Autodenuncia di un italiano privilegiato

Noi, figli degli anni del boom

I sindacati litigano con il governo sulle pensioni, su Quota 102 o 104, insomma litigano per tutelare gli interessi di chi oggi ha più o meno fra i 60 e i 64 anni. Ma siamo sicuri che sia quella la fascia di età che ha più bisogno di una battaglia sindacale? E non piuttosto i giovani, che fanno una fatica del diavolo a trovare lavoro e in pensione ci andranno forse a 80 anni, e con assegni miserrimi? Mi autodenuncio: sono nato il primo novembre del 1958 e faccio quindi parte della categoria più privilegiata della storia d’Italia, quella nata fra la fine degli anni Cinquanta e la metà dei Sessanta.

La nostra generazione è la prima della storia a non avere conosciuto una guerra; e, rispetto a quelli nati fra il 1946 e il 1958, neanche gli stenti del dopoguerra. Siamo la prima generazione ad aver conosciuto il benessere: il frigorifero, la lavatrice, la televisione, le vacanze al mare, i regali di Natale, l’automobile di papà. Siamo stati bambini negli anni del boom. L’Italia era lodata in tutto il mondo, era il Paese del 'miracolo economico'. Uno scrittore, Carlo Castellaneta, chiamò i Sessanta gli 'anni beati': e la musica leggera, i Carosello, il varietà di quel tempo trasmettono infatti un’immagine spensierata. Di ottimismo, di fiducia nel futuro.

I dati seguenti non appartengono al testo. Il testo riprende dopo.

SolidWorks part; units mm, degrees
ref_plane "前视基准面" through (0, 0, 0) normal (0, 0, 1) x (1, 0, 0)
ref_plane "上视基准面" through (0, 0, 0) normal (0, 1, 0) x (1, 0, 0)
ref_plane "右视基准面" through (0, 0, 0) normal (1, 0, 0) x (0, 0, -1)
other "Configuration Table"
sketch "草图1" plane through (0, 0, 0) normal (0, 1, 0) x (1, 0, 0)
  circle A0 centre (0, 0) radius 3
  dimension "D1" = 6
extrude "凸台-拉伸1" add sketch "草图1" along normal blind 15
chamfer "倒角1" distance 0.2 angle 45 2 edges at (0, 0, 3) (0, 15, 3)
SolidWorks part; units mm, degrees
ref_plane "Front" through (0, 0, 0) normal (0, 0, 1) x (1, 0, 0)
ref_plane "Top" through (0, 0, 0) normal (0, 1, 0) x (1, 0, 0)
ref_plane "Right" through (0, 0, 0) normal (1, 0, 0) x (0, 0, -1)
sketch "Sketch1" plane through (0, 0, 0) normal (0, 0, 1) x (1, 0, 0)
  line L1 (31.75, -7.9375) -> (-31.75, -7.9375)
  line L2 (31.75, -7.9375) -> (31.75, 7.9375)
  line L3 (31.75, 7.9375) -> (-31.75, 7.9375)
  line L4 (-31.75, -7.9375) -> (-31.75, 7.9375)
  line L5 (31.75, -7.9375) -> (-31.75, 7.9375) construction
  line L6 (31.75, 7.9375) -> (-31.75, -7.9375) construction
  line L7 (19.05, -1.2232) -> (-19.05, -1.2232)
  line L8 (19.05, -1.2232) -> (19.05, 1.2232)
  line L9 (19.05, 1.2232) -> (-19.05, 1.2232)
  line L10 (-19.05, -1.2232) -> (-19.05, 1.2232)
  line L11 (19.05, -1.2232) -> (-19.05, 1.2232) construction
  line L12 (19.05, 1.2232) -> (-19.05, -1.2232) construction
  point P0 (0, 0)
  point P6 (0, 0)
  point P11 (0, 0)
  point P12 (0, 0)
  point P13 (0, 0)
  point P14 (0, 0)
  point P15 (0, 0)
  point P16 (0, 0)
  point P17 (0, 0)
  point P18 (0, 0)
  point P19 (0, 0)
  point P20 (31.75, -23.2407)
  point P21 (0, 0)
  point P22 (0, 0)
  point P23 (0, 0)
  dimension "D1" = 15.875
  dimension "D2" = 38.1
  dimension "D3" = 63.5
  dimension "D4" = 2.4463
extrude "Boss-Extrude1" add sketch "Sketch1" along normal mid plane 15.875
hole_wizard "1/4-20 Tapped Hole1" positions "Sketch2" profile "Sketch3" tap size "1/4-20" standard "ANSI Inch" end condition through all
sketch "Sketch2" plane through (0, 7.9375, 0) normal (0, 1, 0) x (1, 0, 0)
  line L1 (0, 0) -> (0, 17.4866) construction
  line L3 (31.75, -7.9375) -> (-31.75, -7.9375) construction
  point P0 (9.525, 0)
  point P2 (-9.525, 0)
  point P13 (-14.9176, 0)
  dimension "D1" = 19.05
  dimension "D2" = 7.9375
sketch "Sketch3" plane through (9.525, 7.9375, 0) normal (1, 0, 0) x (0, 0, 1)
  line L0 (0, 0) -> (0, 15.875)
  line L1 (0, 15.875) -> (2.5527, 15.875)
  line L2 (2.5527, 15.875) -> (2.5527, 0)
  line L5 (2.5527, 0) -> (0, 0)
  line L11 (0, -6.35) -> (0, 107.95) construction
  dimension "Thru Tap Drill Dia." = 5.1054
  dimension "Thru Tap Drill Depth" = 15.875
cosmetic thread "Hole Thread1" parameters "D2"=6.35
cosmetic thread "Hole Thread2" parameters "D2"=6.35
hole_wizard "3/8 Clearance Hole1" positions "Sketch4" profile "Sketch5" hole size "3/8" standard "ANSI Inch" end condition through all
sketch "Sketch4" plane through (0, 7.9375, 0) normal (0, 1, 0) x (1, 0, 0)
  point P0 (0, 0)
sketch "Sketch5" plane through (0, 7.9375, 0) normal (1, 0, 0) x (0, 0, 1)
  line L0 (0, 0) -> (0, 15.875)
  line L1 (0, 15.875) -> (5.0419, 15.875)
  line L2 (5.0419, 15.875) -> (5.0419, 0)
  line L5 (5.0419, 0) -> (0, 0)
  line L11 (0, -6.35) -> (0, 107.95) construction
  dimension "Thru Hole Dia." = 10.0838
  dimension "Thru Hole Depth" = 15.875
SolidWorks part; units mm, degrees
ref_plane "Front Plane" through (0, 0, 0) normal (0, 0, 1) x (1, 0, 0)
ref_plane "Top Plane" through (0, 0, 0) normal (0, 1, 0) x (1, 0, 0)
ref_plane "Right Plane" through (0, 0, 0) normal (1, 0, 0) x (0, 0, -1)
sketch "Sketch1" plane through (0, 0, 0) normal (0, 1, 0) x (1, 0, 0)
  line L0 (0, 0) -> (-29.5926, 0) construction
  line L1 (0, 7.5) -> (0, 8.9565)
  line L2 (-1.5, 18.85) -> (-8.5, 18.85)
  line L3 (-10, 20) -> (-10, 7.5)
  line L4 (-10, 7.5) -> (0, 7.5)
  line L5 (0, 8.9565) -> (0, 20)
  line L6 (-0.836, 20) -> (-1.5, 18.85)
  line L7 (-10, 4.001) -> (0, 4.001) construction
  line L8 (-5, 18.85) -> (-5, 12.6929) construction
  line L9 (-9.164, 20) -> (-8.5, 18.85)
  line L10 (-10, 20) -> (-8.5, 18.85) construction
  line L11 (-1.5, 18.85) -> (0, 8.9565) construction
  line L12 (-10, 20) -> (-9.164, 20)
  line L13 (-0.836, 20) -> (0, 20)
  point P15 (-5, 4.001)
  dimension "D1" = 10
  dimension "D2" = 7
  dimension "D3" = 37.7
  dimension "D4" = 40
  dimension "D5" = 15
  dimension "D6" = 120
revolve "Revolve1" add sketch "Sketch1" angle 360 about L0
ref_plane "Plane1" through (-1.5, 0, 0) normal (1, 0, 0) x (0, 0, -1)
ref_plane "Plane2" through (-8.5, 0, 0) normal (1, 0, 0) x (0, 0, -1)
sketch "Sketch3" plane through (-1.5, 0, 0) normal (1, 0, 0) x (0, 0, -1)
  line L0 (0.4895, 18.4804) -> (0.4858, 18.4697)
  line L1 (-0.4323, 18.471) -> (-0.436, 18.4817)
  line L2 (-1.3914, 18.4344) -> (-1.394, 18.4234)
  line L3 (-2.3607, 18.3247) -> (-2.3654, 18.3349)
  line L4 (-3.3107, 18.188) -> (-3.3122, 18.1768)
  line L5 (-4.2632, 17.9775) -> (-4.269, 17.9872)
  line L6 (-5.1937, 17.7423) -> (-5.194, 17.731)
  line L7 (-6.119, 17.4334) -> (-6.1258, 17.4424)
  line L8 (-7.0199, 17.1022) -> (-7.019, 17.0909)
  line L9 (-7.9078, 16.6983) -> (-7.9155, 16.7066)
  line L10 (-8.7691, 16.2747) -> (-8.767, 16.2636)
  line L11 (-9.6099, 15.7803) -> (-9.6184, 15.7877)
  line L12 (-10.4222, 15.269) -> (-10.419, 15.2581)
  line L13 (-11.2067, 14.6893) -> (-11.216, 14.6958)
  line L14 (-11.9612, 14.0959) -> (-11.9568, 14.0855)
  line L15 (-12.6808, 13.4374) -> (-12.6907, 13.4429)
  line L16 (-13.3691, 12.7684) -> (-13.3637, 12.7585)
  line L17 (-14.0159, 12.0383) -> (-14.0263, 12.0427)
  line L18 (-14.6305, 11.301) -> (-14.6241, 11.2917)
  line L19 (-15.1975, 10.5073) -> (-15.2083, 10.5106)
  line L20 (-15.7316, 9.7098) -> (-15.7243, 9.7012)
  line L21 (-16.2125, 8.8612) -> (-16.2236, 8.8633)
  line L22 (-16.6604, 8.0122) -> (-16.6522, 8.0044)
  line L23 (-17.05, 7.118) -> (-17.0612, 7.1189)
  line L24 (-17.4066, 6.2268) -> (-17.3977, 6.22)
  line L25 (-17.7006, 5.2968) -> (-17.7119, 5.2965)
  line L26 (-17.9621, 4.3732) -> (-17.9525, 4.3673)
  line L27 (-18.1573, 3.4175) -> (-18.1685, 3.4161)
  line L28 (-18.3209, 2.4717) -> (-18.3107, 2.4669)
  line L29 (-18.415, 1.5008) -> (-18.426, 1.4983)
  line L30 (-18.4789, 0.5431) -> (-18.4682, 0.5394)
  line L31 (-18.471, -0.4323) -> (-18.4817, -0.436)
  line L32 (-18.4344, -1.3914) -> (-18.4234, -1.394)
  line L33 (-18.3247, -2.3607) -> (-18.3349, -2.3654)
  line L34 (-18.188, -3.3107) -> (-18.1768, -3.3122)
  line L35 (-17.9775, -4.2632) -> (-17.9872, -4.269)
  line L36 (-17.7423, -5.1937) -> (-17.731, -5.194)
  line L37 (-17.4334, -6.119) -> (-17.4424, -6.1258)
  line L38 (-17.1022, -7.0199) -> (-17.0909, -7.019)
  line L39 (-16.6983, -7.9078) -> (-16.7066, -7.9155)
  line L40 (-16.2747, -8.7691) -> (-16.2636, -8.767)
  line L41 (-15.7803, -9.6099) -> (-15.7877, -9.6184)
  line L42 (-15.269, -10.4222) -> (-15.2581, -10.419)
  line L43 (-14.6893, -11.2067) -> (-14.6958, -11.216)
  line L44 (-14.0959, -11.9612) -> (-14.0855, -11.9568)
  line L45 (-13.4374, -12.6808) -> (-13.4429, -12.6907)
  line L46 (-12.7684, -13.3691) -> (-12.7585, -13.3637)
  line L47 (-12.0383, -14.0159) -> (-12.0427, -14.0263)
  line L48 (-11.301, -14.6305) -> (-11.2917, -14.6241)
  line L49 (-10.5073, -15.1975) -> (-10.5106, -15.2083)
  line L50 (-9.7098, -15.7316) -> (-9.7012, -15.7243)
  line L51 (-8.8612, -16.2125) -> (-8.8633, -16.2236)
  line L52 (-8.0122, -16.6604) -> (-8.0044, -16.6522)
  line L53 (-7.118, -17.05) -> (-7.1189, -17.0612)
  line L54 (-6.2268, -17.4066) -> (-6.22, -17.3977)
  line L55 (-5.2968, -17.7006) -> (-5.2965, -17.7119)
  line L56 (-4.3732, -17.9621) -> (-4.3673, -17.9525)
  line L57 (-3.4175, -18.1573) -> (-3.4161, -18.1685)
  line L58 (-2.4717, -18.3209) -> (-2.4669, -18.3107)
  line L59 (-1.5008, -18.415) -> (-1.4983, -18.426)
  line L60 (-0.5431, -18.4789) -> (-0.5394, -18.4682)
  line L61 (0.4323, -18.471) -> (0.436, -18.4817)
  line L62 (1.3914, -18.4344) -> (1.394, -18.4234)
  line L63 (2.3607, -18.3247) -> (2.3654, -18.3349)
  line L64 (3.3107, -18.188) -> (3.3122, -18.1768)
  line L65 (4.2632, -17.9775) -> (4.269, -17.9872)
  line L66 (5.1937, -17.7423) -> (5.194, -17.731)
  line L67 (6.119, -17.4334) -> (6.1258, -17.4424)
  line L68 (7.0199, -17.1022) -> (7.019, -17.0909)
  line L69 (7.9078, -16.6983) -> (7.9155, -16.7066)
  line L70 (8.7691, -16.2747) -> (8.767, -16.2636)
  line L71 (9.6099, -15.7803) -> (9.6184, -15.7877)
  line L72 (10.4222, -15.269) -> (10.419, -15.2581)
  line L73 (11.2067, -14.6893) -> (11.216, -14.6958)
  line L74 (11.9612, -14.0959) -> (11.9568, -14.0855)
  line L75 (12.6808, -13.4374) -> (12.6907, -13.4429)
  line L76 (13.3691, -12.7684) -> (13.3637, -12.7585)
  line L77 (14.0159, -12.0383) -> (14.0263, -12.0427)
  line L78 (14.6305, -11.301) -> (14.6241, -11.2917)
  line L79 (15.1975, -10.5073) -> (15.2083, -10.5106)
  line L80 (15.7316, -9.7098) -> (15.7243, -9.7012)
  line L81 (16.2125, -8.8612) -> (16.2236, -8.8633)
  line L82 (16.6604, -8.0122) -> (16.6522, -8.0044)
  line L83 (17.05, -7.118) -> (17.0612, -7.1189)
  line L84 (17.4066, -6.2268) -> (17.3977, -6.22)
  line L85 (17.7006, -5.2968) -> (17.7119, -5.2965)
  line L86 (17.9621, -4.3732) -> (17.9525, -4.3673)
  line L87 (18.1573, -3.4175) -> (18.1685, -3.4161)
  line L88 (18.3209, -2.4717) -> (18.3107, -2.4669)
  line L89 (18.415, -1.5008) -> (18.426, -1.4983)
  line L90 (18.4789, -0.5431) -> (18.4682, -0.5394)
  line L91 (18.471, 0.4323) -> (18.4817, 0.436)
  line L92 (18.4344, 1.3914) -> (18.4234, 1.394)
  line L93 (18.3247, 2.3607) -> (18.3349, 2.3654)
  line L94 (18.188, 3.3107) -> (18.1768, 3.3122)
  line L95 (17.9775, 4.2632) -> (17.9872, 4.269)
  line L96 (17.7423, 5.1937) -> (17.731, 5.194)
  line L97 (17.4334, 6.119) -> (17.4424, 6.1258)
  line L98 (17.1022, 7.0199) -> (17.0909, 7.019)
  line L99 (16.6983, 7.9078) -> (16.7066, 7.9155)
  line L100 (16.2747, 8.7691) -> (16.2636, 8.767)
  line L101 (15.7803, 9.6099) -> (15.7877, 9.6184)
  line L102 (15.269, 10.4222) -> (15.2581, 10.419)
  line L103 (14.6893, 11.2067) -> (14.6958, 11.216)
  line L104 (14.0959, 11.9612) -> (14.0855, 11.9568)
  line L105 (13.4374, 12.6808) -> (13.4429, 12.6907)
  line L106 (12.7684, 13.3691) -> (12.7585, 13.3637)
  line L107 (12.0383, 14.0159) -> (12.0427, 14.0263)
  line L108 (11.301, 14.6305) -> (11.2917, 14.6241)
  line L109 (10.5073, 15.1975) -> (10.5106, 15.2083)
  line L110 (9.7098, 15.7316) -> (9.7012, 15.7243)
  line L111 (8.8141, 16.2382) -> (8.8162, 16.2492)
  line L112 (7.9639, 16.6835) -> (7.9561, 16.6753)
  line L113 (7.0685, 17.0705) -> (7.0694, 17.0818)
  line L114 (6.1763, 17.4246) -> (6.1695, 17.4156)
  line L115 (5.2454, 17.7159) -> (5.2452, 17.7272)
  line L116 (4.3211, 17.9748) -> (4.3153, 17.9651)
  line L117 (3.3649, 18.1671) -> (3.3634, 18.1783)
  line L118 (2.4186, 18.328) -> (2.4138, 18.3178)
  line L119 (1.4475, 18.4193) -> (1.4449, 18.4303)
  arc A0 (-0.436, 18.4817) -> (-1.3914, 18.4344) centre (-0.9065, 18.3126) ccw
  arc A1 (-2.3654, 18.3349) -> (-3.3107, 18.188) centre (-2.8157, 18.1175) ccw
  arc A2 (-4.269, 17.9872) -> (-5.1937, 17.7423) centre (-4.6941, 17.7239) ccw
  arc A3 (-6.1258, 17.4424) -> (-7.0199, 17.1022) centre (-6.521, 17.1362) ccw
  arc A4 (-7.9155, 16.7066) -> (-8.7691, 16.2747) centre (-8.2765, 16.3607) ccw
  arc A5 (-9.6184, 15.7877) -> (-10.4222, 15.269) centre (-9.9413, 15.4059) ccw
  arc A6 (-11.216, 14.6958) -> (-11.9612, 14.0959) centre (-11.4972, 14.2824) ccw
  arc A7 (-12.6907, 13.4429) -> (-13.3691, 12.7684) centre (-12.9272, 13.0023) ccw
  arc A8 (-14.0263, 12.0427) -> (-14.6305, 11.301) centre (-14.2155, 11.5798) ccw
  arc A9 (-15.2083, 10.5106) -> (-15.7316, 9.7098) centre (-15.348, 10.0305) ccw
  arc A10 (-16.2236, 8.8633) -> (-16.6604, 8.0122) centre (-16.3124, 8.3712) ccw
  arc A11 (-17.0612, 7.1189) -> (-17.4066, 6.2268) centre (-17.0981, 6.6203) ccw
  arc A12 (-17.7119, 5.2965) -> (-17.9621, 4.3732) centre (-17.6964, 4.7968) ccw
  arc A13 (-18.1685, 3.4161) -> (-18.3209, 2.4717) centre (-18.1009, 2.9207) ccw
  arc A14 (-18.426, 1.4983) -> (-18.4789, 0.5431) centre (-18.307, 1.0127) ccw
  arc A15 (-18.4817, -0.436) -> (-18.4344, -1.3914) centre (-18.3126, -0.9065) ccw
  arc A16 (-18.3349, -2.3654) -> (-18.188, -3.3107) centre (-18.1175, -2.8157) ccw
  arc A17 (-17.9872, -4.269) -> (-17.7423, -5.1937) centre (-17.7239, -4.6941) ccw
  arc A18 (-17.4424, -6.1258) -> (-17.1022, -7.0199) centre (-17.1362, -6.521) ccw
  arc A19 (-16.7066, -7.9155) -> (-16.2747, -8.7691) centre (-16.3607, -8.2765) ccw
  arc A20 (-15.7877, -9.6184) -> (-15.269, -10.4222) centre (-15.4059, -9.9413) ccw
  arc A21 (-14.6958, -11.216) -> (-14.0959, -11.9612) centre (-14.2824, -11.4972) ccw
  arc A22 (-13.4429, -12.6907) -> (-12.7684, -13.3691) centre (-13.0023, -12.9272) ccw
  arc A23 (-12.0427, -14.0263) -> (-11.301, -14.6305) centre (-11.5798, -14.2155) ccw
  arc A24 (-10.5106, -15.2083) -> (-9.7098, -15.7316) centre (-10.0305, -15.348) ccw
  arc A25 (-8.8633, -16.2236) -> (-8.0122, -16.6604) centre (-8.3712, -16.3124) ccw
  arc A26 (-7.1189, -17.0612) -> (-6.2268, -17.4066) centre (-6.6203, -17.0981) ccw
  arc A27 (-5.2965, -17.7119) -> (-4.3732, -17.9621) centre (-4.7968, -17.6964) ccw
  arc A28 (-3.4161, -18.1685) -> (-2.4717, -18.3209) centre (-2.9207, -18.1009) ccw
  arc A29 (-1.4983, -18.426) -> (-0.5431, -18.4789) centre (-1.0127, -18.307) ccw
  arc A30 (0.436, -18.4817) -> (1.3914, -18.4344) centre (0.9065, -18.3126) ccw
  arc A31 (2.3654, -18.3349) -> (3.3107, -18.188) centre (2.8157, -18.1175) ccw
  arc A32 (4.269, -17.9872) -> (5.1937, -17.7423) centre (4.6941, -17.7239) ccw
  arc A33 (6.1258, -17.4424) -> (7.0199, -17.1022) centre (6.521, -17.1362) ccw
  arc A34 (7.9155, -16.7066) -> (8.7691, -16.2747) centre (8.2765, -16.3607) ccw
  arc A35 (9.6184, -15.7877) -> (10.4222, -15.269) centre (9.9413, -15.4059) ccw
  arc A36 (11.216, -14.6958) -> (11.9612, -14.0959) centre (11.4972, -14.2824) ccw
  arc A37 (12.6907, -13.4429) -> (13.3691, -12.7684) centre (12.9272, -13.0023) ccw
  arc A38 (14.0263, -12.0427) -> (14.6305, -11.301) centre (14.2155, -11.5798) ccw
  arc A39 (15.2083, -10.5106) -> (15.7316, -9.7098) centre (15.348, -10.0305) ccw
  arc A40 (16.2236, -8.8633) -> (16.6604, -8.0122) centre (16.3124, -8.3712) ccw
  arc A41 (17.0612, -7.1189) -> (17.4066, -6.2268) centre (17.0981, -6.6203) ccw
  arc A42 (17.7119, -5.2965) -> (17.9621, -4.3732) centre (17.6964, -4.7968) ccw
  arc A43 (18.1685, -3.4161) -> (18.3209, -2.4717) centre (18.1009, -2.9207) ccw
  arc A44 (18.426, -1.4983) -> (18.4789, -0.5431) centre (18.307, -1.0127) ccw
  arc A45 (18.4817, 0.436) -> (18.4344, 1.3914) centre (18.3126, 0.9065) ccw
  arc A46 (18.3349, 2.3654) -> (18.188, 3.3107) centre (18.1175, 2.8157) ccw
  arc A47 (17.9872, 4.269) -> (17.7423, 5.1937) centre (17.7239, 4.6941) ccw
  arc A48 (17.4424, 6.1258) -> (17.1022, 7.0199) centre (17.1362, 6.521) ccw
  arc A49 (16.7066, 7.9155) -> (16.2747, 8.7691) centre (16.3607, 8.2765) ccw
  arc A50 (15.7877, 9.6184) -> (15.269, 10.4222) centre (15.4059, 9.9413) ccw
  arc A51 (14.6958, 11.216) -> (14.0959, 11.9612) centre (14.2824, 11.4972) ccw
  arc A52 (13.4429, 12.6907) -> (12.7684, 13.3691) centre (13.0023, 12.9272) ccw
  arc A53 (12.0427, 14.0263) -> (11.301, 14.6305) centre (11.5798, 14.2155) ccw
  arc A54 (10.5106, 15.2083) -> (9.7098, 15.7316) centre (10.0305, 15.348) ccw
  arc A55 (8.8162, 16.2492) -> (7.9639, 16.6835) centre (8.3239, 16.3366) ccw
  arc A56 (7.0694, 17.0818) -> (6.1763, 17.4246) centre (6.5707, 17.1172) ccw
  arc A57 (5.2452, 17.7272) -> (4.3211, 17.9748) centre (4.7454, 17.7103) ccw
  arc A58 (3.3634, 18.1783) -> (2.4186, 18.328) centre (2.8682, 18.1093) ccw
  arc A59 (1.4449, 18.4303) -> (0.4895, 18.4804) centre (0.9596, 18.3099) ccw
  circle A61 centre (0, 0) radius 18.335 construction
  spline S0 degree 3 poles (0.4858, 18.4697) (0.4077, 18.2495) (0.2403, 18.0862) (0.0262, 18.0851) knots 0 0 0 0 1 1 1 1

Ho fatto l’esame di maturità nel 1977: il giorno dopo l’orale mi telefonò una grande banca per offrirmi un posto a tempo indeterminato, sedici mensilità. Dissi di no perché volevo fare il giornalista. Mi andò bene. Non avevo parenti giornalisti o politici e dovetti fare l’'abusivo' per qualche anno: ma a 26 anni, quando fui assunto dal Corriere della Sera, il mio primo stipendio mi fece sentire ricco: due milioni e 250mila lire nette. Siamo la generazione del posto fisso e dell’articolo 18. E i nostri figli? Fino a un certo punto hanno avuto anche più di noi. Ma quando si affacciano sul mondo del lavoro pagano le conseguenze del mondo che noi abbiamo lasciato. Si va avanti a stage e quando va bene a tempi determinati. L’indeterminato è un sogno: e comunque non più, come ai nostri tempi, un’assicurazione sulla vita. C’è già da ringraziare il cielo quando si è assunti con busta paga e contributi: per gli altri, se va bene, c’è la partita Iva. Di doman non c’è certezza. Questa è la vera emergenza di cui dovrebbero occuparsi la politica e i sindacati. I nostri figli chiedono almeno un po’ di quello che abbiamo avuto noi.